В письме ты, наконец, мне уж много слишком льстишь, насказавши так много похвал; а не написала, поняла ли думу «Лес». Прочти в 11 нумере «Отечественных Записок», в отделении наук, статью о четырех драмах Шекспира, — там увидишь в ней, что значить нравственный долг человека.

Боткин со мной теперь очень хорош, а тогда были у него сердечные дела, но только я не знал; они-то и мешали всему. Белинский со мной был так хорош, что писать об этом не достанет дести бумаги; приеду — расскажу. Я скоро теперь приеду. Еще дело задерживает меня немного, Но на днях, кажется, всему будет конец. Ты, друг мой, ужасно меня обидела, говоря, что я куда-то определился, и тебе не сказал. Отцу и матери извинительно так судить, — я им сам много подал примеров так думать; но тебе грех, сестра, думать, чтобы я от тебя скрывался… Что же я от тебя сокрыл? — скажи. Сколько помню, кажется, я всегда с тобой был откровенен. Глупые люди выдумали и разнесли пустой слух, а вы и поверили. Ужели чужой народ больше имеет для тебя веры, чем родной брать? Жаль, что так вы ошиблись все во мне.

Фамусов выдает свою Софью Павловну за «Пряника», — час добрый, пора костям на место. Славная парочка: гора со спичкой, бочка с иголкой, масло с водою… А как ни смешно, но мне все-таки Тимофеева жаль: он добрый человек, как бы она его не завербовала. Но судьба решила, — с Богом; они обои не малолетки, и вещи уж понимают хорошо.

Недавно был я на концерте. Пела Паста, итальянка, женщина 48 лет; но Боже мой! — что за голос, что за музыка, что за звуки, за грация, что за искусство; что за сила, за энергия в этом голосе роскошного Запада! Если б ты слышала! чудеса! диво дивное, чудо чудное! Я весь был очарован, упоенья звуками; кровь вся в жилах кипела кипятком. Еще был я с Красовым в дворянском собрании, в маскараде, где было людей две тысячи человек, много замаскированных женщин, мужчин. Огромная зала полна людей, богато, разнообразно одетых, танцующих; и музыка с высоких хор, как с дальнего неба, волнами разливаясь во все стороны, падала вниз, на нас, людей наземных.

Я написал еще несколько пьесок, и довольно удачно; послал их к Белинскому. Он просто от них в восторге. Несколько дней было так удачных, что я написал весьма хорошо. Одну из них, не лучшую, я послал к тебе давно, в батенькином письме.

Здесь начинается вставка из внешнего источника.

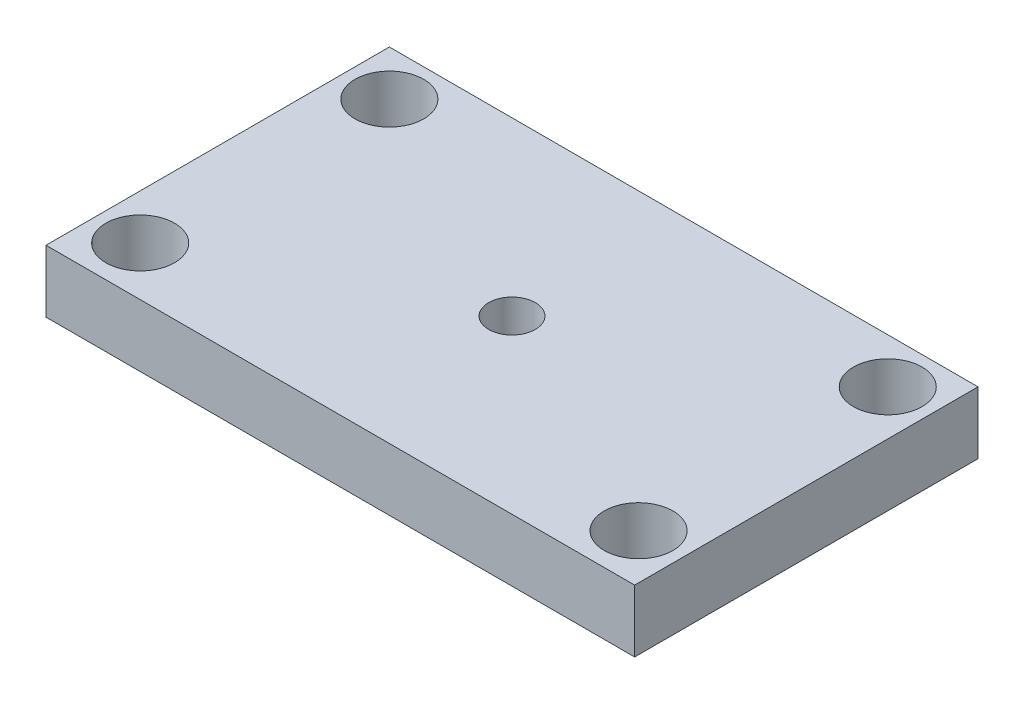
from build123d import *

# Parameters (mm, degrees)
SKETCH1_W           = 60
SKETCH1_H           = 35
SKETCH1_R           = 3.5
SKETCH1_R_2         = 2.375
BOSS_EXTRUDE1_DEPTH = 6.35


with BuildPart() as part:
    # Sketch1 → Boss-Extrude1 (new body)
    with BuildSketch(Plane(origin=(0, 0, 0), x_dir=(1, 0, 0), z_dir=(0, 1, 0))):
        with Locations((30, 17.5)):
            Rectangle(SKETCH1_W, SKETCH1_H)
        with Locations((4.6, 30.4)):
            Circle(SKETCH1_R, mode=Mode.SUBTRACT)
        with Locations((55.4, 30.4)):
            Circle(SKETCH1_R, mode=Mode.SUBTRACT)
        with Locations((4.6, 5)):
            Circle(SKETCH1_R, mode=Mode.SUBTRACT)
        with Locations((55.4, 5)):
            Circle(SKETCH1_R, mode=Mode.SUBTRACT)
        with Locations((30, 17.5)):
            Circle(SKETCH1_R_2, mode=Mode.SUBTRACT)
    extrude(amount=BOSS_EXTRUDE1_DEPTH)


solid = part.part

Батеньке, маменьке, сестрам, зятьям от меня кланяйся. Скажи батеньке, что я скоро буду домой, жив, здоров, только постарел; ты едва ли узнаешь; — в эти четыре месяца я пережил больше, чем в четыре года. Желаю тебе больше в тысячу раз, чем желаю самому себе. Живи, пой и стучи на фортепьянах, и да Господь сохранить тебя от всякого зла и горя. Целую тебя горячо и крепко. Прощай.

Любящий тебя брат твой Алексей Кольцов.